◆ Task goal
Reproduce exactly the lines below from the one containing "(segment (start 197.219" through the one containing "(segment (start 231.914 110.26962)", including both, and nothing else.

◆ Data to process

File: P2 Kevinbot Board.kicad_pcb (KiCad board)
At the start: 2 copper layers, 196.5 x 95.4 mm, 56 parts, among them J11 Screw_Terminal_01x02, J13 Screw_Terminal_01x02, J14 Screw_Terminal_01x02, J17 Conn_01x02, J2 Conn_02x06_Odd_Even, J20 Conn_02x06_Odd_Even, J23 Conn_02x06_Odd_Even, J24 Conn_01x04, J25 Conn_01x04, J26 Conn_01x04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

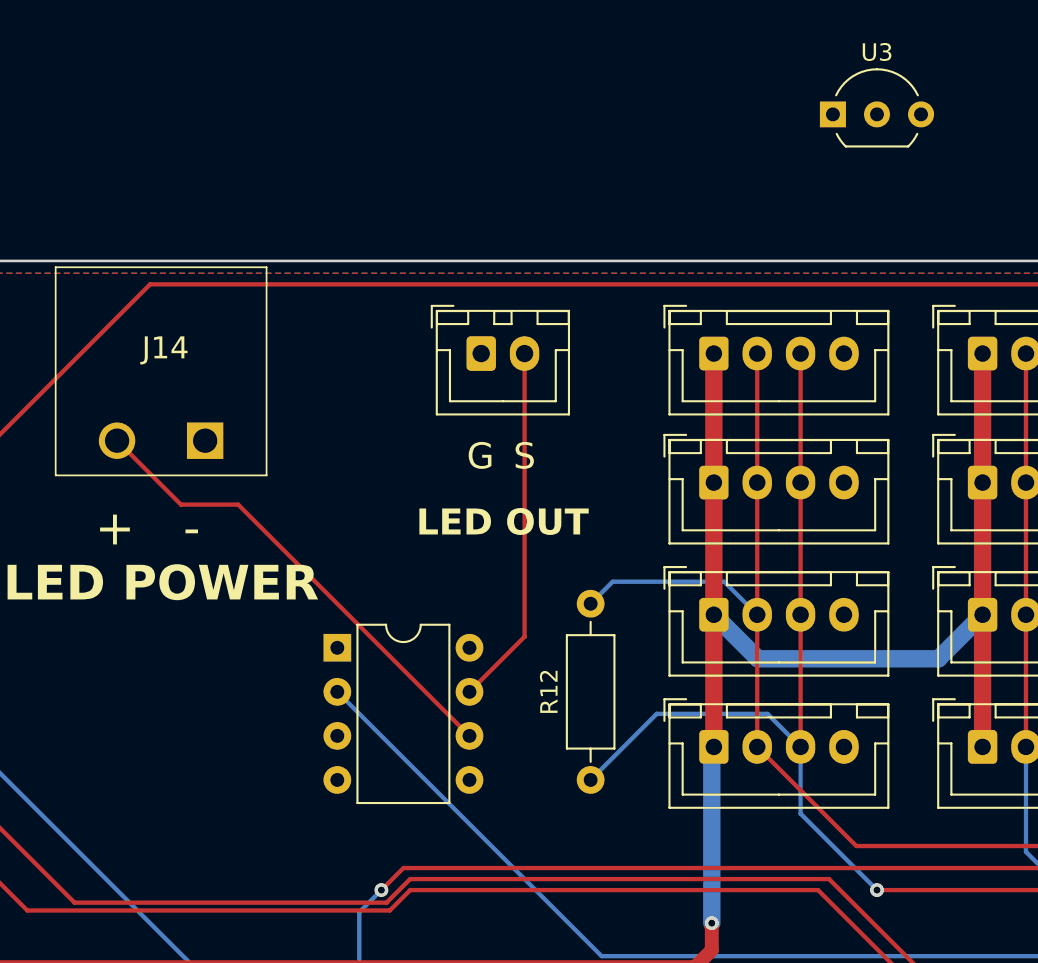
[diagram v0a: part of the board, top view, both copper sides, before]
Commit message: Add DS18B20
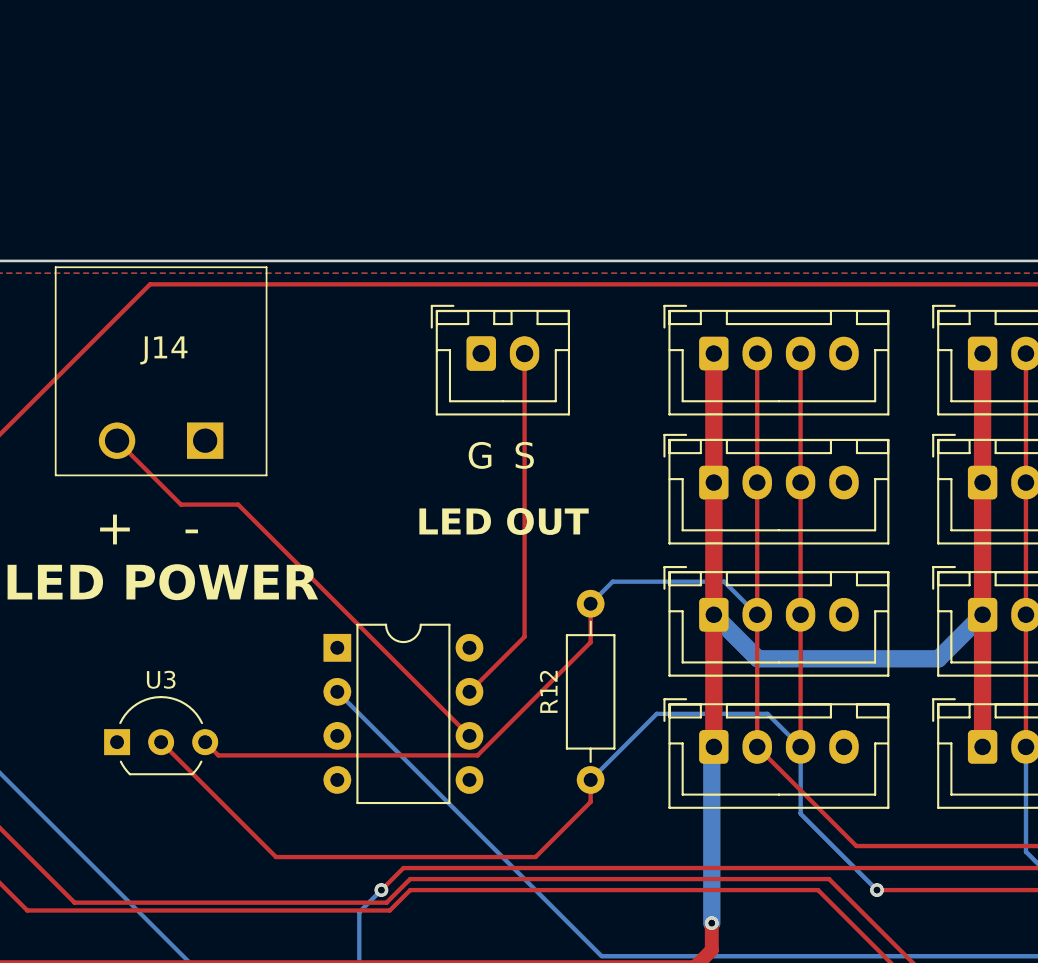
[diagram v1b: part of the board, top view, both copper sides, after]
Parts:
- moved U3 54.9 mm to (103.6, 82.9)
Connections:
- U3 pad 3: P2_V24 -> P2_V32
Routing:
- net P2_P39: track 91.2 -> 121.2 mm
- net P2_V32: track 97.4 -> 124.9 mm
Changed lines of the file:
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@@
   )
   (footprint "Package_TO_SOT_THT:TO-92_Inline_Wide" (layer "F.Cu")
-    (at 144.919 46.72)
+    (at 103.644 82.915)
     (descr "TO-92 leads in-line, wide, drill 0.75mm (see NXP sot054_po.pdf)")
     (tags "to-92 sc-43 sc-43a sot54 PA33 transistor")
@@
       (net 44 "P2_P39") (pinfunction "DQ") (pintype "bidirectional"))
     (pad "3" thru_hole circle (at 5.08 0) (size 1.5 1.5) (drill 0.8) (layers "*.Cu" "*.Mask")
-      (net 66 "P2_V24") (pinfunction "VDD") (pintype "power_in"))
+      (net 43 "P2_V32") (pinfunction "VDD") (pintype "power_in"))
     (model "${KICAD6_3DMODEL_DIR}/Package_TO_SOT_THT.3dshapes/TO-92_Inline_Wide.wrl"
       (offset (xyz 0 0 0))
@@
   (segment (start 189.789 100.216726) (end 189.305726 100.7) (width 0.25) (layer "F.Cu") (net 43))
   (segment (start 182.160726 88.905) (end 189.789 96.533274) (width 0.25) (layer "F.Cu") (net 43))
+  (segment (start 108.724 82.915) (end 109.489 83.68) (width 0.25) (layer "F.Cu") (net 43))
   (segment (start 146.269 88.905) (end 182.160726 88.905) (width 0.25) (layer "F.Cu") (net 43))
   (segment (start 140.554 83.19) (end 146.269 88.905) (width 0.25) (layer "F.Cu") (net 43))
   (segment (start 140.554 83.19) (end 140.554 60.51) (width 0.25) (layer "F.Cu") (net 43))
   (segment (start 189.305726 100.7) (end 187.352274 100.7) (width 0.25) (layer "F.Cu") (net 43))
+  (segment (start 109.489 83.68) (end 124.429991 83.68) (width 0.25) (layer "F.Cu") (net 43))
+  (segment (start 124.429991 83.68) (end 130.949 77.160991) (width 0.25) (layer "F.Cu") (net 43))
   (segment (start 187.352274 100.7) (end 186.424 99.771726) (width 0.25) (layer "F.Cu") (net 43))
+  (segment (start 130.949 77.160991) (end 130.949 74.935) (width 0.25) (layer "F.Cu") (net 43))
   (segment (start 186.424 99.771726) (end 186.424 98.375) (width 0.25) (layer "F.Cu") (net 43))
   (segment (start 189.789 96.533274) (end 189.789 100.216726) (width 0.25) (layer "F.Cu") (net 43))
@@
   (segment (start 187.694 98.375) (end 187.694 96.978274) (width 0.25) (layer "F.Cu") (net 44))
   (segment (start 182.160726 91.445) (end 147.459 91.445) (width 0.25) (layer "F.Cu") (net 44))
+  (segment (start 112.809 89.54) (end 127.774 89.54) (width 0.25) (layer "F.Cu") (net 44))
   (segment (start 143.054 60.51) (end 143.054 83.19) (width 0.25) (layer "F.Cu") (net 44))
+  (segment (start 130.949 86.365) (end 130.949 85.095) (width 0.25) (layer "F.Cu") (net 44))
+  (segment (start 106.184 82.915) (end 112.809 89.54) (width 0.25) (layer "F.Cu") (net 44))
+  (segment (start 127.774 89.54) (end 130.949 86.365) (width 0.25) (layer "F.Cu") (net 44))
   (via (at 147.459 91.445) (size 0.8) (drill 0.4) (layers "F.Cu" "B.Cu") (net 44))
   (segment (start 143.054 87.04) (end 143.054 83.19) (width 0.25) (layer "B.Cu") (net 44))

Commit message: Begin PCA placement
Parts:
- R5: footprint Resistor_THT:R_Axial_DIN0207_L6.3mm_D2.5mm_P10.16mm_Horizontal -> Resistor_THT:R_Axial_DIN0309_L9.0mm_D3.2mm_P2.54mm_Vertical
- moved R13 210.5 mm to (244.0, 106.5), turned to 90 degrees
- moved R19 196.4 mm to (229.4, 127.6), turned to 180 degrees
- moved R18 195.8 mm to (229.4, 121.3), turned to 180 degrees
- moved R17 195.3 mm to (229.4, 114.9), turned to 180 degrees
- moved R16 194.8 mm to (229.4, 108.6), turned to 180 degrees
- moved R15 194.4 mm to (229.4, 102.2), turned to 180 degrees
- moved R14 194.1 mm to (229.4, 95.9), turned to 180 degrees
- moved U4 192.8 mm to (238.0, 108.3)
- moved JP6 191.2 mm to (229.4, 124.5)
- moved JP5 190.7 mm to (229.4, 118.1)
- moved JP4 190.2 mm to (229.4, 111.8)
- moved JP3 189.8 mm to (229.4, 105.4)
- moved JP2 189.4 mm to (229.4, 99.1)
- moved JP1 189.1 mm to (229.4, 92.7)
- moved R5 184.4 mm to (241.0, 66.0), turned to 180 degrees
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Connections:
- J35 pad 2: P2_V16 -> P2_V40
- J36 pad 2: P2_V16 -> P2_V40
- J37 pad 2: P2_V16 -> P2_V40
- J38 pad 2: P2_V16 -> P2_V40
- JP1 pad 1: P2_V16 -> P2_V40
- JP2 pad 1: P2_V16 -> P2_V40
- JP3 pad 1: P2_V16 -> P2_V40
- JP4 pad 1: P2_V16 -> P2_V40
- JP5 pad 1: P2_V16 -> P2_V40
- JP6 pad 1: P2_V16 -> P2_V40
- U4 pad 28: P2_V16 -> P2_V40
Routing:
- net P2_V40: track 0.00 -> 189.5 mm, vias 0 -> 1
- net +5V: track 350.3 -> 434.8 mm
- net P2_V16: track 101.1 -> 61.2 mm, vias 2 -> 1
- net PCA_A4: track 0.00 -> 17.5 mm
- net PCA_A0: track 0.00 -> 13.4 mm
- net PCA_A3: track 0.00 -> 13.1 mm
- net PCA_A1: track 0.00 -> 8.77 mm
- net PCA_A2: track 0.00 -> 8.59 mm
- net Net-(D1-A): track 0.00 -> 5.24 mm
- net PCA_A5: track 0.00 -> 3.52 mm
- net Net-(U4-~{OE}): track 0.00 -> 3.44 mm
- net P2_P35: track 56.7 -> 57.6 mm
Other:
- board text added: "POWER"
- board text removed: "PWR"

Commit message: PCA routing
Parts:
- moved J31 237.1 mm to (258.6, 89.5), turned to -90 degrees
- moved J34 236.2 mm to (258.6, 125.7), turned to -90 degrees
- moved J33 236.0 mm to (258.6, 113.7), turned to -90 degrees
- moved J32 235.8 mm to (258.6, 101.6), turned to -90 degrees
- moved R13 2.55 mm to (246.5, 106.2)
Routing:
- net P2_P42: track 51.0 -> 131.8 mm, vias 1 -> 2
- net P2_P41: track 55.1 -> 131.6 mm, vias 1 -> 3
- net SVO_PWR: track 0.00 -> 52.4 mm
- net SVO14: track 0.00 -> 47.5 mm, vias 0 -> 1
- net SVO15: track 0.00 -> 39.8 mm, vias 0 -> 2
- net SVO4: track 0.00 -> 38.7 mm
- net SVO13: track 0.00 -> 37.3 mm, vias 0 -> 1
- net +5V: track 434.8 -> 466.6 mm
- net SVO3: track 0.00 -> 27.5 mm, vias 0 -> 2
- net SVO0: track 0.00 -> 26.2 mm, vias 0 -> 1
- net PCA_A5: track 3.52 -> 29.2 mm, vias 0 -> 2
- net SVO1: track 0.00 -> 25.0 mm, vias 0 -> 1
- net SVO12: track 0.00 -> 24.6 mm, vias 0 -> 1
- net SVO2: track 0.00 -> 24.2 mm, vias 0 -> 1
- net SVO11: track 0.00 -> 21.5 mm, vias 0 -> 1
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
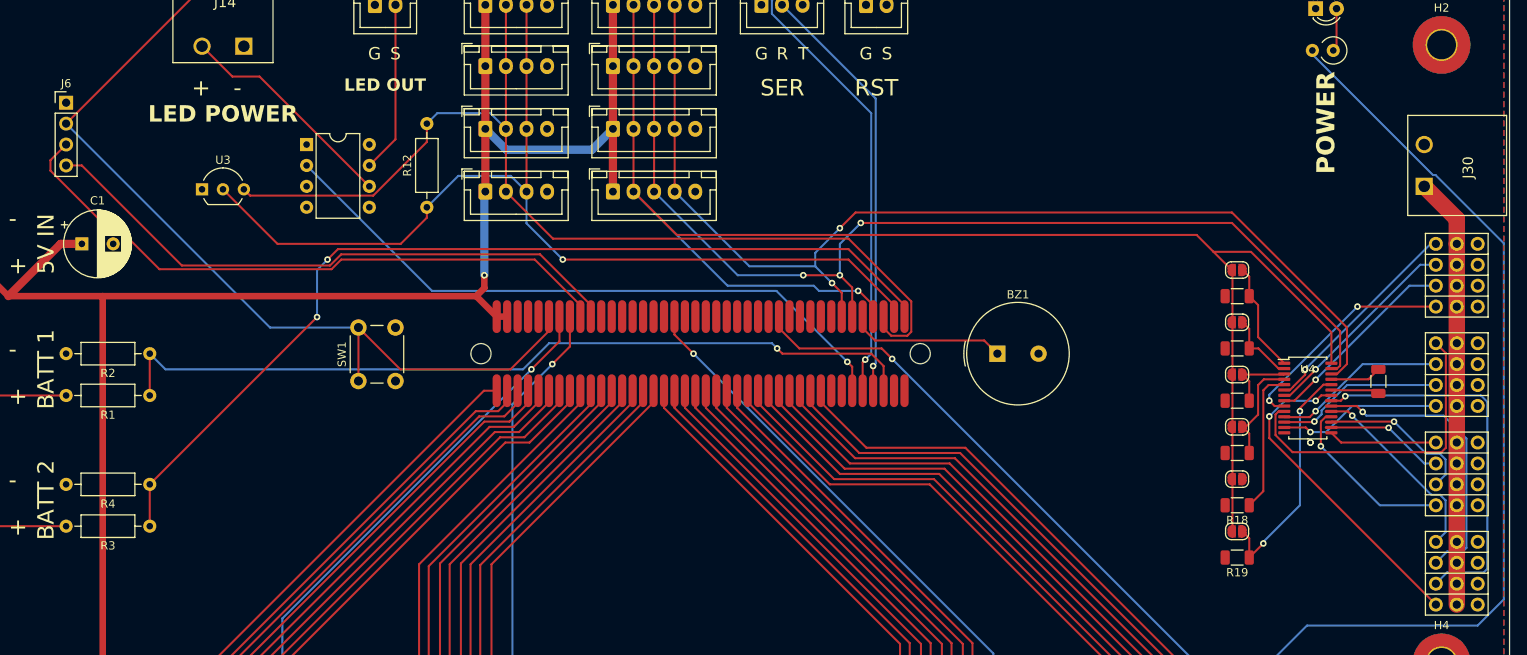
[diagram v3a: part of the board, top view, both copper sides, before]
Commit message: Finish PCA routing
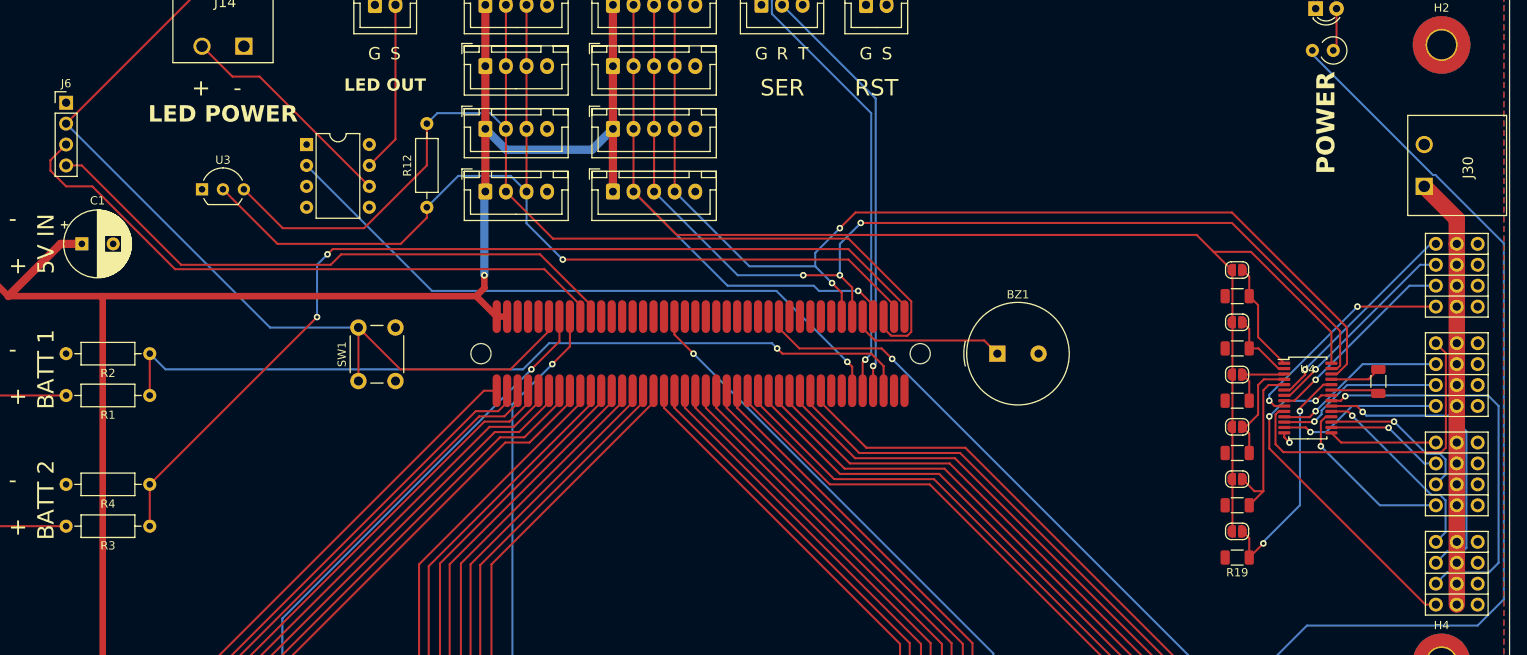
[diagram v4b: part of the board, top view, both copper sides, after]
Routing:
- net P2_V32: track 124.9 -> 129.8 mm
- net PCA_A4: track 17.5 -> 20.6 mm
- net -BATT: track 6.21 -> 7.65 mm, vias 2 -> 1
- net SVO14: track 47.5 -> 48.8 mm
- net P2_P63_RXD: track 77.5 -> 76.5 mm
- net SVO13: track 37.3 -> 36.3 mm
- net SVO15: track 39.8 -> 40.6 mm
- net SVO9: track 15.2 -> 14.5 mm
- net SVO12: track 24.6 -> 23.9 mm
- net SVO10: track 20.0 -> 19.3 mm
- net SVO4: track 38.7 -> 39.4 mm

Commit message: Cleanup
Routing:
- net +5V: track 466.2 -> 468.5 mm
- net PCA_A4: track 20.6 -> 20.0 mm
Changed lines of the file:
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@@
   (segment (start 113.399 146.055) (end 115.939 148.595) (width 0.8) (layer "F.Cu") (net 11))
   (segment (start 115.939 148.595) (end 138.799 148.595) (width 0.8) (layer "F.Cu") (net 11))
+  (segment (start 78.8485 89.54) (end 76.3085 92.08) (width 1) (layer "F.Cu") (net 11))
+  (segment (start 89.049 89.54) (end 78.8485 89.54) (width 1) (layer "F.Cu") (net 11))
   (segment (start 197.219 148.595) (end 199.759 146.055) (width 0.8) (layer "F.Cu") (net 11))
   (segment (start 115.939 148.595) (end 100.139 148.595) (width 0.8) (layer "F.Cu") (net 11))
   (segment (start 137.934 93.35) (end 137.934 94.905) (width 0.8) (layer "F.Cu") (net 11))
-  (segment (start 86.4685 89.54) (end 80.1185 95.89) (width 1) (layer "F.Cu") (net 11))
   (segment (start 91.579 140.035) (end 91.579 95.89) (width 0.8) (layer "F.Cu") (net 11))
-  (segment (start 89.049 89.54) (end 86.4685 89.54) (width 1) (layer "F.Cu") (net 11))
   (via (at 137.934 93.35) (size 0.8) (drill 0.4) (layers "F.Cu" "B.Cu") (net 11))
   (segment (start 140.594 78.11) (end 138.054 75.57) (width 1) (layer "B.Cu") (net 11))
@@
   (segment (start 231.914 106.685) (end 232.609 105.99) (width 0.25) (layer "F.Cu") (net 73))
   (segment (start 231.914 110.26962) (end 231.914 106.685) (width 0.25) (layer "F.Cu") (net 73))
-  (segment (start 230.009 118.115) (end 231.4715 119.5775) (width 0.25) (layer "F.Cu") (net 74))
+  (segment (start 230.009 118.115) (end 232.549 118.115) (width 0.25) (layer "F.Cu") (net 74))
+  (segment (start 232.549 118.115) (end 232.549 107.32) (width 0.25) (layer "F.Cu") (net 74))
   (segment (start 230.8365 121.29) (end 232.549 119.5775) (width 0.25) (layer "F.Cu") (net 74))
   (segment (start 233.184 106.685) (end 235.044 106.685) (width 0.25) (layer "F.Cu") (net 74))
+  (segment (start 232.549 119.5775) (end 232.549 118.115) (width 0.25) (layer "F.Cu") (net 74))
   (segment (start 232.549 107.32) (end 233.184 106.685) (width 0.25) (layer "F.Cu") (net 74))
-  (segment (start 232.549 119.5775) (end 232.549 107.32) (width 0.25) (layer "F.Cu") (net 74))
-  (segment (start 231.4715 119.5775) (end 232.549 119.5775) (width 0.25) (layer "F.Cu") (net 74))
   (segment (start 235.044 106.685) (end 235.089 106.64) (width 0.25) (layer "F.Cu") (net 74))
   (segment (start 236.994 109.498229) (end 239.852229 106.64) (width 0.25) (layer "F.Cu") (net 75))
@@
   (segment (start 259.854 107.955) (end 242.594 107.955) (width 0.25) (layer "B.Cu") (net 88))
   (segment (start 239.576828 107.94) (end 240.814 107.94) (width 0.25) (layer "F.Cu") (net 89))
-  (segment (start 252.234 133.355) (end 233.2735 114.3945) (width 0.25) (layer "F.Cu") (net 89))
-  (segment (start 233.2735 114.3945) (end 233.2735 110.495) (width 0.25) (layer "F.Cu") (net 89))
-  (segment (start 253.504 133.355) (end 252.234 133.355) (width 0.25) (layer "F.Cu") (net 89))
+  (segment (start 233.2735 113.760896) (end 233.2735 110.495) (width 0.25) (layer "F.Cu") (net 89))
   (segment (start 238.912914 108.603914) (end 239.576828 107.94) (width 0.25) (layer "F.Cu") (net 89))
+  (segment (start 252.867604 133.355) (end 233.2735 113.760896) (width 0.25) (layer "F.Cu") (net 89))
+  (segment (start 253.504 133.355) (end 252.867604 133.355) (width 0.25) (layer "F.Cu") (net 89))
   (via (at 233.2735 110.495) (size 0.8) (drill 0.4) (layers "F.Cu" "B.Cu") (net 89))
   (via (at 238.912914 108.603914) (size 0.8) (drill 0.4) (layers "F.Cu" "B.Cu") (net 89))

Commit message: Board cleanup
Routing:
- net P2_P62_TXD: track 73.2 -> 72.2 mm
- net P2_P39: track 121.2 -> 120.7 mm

◆ Response
   (segment (start 197.219 148.595) (end 199.759 146.055) (width 0.8) (layer "F.Cu") (net 11))
   (segment (start 115.939 148.595) (end 100.139 148.595) (width 0.8) (layer "F.Cu") (net 11))
   (segment (start 137.934 93.35) (end 137.934 94.905) (width 0.8) (layer "F.Cu") (net 11))
-  (segment (start 86.4685 89.54) (end 80.1185 95.89) (width 1) (layer "F.Cu") (net 11))
   (segment (start 91.579 140.035) (end 91.579 95.89) (width 0.8) (layer "F.Cu") (net 11))
-  (segment (start 89.049 89.54) (end 86.4685 89.54) (width 1) (layer "F.Cu") (net 11))
   (via (at 137.934 93.35) (size 0.8) (drill 0.4) (layers "F.Cu" "B.Cu") (net 11))
   (segment (start 140.594 78.11) (end 138.054 75.57) (width 1) (layer "B.Cu") (net 11))
@@
   (segment (start 231.914 106.685) (end 232.609 105.99) (width 0.25) (layer "F.Cu") (net 73))
   (segment (start 231.914 110.26962) (end 231.914 106.685) (width 0.25) (layer "F.Cu") (net 73))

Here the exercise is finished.